■ Exercise directions:
The records appear below. Set down exactly each line from the one that contains "fillet(fillet1_edges, radius=FILLET1_R - 0.0001)" through the last, both included.

■ Data to process:
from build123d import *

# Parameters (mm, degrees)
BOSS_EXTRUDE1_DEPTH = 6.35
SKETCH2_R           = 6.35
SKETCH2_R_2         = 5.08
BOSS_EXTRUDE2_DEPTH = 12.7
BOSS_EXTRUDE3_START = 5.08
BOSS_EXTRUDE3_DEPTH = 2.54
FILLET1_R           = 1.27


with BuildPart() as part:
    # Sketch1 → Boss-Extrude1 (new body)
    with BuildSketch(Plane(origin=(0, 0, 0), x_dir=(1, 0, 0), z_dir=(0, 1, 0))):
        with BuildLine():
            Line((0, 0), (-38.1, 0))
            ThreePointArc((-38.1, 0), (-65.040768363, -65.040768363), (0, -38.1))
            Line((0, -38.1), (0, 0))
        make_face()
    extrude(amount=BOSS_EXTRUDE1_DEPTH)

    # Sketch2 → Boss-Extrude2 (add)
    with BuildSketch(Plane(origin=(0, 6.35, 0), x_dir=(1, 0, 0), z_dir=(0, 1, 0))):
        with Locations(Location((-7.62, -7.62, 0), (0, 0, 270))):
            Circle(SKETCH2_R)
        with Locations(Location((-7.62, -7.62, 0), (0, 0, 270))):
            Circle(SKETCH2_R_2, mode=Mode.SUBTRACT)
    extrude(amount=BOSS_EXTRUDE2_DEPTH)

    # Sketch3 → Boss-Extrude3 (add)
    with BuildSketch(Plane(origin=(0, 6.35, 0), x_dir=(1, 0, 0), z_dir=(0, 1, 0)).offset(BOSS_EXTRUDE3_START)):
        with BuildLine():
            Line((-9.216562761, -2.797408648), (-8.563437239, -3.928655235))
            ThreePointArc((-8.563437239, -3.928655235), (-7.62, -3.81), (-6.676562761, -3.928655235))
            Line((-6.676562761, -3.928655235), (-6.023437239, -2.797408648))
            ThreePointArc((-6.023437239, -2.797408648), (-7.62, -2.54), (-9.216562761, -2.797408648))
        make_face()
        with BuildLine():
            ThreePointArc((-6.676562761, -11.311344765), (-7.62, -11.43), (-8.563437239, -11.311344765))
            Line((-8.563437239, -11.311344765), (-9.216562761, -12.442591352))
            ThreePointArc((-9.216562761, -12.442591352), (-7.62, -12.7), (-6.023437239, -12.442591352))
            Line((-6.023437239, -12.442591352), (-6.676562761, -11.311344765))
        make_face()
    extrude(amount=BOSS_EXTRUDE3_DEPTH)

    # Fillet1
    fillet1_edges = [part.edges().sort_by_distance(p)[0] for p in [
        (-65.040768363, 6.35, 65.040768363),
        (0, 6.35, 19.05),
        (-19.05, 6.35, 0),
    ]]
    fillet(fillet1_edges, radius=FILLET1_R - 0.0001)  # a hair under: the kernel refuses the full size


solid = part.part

■ Final answer:
    fillet(fillet1_edges, radius=FILLET1_R - 0.0001)  # a hair under: the kernel refuses the full size


solid = part.part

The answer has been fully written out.